Recorded data

----------

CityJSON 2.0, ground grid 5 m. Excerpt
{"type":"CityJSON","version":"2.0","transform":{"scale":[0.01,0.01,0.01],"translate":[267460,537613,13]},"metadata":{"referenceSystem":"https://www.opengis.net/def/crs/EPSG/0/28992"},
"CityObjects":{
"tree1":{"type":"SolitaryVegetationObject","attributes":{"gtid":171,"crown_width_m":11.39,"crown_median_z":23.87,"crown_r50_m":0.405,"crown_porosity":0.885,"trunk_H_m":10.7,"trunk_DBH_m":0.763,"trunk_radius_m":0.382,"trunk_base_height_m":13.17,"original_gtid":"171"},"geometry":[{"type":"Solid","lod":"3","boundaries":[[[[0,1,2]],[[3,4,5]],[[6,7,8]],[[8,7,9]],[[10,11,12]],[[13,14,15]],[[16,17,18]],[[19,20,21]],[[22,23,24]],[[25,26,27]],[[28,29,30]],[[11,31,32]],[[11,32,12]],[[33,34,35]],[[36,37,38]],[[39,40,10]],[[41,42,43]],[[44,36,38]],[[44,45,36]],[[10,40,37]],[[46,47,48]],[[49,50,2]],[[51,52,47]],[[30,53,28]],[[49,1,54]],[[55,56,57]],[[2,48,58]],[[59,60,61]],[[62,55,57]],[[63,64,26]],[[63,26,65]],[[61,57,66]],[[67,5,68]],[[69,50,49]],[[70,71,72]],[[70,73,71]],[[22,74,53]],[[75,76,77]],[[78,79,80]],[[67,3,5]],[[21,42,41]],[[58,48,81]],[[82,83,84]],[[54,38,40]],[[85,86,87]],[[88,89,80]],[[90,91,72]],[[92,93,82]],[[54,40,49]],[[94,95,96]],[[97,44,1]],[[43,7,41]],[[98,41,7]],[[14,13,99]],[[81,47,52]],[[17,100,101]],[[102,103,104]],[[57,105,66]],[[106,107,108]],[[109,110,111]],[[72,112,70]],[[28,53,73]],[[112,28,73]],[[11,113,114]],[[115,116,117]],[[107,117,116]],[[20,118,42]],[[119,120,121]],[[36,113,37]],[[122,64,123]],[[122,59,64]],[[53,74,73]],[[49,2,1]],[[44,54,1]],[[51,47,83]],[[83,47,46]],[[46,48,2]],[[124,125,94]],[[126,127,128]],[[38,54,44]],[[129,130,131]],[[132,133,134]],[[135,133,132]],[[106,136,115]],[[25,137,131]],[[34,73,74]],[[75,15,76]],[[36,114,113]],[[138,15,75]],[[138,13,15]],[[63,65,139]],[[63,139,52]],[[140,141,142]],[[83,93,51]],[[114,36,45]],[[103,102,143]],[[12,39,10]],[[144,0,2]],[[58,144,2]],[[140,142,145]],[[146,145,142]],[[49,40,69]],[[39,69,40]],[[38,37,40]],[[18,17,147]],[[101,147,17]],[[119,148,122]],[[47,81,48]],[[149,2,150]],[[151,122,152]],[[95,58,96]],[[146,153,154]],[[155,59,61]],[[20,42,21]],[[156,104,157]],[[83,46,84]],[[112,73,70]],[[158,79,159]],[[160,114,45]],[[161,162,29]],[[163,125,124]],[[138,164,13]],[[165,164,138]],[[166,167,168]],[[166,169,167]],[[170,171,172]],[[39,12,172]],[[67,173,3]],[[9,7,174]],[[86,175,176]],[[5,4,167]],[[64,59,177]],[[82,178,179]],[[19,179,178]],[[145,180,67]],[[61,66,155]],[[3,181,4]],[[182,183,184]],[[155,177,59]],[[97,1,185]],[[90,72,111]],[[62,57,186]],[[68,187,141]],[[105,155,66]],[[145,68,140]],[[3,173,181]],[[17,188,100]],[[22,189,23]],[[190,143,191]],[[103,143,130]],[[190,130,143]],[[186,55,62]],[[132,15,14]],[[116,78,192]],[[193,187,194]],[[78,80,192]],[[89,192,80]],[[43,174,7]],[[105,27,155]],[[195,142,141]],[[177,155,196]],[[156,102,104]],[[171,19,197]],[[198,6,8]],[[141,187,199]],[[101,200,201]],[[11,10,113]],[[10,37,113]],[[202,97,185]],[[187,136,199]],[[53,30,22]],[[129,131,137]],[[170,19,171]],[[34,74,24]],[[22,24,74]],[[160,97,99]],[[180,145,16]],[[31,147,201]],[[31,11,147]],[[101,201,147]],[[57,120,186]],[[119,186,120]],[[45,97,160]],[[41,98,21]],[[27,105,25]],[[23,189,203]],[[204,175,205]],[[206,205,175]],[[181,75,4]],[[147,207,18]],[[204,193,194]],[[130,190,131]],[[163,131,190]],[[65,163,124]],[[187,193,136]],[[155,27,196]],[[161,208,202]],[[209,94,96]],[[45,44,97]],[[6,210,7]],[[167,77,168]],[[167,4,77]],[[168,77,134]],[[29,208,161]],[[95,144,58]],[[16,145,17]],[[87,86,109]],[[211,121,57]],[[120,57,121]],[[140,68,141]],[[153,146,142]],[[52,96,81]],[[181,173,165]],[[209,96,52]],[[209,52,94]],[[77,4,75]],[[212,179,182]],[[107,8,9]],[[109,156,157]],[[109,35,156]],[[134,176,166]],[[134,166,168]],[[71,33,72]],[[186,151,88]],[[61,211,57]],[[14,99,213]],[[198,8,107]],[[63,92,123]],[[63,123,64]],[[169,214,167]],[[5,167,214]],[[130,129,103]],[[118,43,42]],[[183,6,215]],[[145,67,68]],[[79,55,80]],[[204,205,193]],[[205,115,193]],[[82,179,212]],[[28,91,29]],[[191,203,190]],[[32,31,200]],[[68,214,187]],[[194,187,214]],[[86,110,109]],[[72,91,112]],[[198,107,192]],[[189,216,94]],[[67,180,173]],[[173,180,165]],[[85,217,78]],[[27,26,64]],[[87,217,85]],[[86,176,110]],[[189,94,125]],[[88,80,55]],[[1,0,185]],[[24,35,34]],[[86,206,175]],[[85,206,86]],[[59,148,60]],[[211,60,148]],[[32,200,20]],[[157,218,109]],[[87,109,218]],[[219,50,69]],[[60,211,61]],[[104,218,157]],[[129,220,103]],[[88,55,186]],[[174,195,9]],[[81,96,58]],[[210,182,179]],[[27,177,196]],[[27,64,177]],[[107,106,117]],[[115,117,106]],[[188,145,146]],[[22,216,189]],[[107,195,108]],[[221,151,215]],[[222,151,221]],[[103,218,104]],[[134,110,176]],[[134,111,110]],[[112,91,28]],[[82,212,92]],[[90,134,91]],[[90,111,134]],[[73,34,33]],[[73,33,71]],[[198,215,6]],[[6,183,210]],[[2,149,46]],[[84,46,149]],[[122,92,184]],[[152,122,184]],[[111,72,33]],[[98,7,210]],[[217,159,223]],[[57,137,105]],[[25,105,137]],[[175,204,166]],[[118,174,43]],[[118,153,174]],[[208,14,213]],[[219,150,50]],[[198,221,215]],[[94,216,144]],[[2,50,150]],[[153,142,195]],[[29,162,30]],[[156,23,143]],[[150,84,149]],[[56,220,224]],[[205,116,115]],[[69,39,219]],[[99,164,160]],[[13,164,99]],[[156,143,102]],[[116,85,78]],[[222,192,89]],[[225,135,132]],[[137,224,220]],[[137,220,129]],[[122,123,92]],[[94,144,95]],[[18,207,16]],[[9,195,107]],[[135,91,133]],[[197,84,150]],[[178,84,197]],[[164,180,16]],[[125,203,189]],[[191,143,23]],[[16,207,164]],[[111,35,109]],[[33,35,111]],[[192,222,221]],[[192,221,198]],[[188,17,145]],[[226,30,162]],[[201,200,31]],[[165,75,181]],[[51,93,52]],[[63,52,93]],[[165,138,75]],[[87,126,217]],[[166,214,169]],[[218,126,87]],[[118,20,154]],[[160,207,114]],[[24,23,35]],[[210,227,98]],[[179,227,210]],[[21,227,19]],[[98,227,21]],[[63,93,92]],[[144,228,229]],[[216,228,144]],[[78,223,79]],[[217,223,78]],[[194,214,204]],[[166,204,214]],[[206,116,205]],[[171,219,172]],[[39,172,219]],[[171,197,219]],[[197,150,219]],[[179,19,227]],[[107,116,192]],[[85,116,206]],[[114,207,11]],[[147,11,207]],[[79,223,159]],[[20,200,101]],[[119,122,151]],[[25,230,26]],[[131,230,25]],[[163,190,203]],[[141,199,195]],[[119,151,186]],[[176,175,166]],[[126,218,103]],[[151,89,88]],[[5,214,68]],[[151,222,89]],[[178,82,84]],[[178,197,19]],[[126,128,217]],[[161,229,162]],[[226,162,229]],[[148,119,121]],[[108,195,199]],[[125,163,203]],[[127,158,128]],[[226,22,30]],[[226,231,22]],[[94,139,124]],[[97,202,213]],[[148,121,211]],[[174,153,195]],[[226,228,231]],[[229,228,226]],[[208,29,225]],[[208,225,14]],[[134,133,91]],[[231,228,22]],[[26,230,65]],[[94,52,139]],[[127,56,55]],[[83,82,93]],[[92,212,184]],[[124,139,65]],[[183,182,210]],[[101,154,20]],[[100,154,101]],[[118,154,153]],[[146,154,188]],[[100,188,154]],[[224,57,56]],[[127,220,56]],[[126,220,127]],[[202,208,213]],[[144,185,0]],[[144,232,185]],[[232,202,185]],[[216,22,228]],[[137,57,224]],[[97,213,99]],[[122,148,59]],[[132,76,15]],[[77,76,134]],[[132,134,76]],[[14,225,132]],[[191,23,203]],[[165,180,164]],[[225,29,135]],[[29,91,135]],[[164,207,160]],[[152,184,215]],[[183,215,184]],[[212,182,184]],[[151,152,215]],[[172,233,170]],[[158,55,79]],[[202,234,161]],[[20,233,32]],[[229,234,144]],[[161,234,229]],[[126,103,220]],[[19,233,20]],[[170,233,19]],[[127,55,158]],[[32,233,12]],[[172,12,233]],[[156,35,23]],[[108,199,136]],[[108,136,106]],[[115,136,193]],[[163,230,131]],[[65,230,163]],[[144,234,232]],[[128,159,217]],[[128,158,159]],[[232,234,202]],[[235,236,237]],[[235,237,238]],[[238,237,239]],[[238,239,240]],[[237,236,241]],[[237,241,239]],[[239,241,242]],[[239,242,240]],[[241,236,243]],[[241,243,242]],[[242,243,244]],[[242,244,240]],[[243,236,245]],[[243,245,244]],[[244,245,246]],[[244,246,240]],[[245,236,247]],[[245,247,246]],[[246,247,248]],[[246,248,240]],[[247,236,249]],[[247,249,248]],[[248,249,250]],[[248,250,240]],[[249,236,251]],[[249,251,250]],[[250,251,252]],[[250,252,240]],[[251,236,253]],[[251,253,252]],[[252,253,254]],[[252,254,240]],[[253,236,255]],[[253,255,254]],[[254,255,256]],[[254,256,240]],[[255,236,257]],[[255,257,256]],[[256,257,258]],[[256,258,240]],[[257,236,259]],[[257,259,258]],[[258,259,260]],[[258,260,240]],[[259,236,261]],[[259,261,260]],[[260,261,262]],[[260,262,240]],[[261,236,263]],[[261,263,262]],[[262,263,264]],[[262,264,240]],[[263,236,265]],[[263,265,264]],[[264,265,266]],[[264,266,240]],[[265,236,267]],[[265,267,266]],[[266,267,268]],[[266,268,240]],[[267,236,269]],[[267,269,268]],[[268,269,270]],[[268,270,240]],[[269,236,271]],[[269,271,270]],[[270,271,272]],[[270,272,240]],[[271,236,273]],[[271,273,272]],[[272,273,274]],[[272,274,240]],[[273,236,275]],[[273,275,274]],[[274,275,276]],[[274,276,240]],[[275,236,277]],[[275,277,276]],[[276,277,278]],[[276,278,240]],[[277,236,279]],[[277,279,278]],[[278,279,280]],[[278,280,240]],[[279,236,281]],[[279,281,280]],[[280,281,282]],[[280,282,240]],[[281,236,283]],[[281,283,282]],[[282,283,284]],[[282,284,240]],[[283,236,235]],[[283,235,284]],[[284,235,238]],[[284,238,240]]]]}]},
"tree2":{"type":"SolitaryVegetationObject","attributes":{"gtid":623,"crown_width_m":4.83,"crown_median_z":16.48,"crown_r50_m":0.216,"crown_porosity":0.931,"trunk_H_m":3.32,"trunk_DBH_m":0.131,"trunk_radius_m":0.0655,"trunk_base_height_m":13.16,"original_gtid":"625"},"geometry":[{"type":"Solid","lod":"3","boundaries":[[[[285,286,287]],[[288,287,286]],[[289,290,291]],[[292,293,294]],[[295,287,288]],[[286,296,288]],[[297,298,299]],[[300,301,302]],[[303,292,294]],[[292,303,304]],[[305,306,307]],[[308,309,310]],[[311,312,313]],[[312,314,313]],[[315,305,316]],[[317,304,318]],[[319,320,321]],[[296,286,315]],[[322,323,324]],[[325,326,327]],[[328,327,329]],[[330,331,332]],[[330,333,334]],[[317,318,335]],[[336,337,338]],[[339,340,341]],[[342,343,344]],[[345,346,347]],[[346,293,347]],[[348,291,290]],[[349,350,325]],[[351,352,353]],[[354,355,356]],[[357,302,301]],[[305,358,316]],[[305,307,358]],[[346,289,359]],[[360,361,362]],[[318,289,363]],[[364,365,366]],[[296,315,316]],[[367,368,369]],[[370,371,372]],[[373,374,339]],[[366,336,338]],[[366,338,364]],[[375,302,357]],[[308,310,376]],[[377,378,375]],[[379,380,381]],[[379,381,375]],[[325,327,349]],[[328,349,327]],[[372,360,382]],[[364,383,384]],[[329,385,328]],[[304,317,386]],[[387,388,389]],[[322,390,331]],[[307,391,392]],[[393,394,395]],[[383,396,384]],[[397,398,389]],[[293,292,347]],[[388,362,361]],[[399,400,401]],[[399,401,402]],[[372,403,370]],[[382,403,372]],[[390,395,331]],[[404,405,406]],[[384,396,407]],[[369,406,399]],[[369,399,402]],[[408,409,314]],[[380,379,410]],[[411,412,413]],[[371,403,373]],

----------

▸ Task goal
Read the data above and count the lines that include "CityJSON". Answer only with the count.

▸ Answer to the problem
2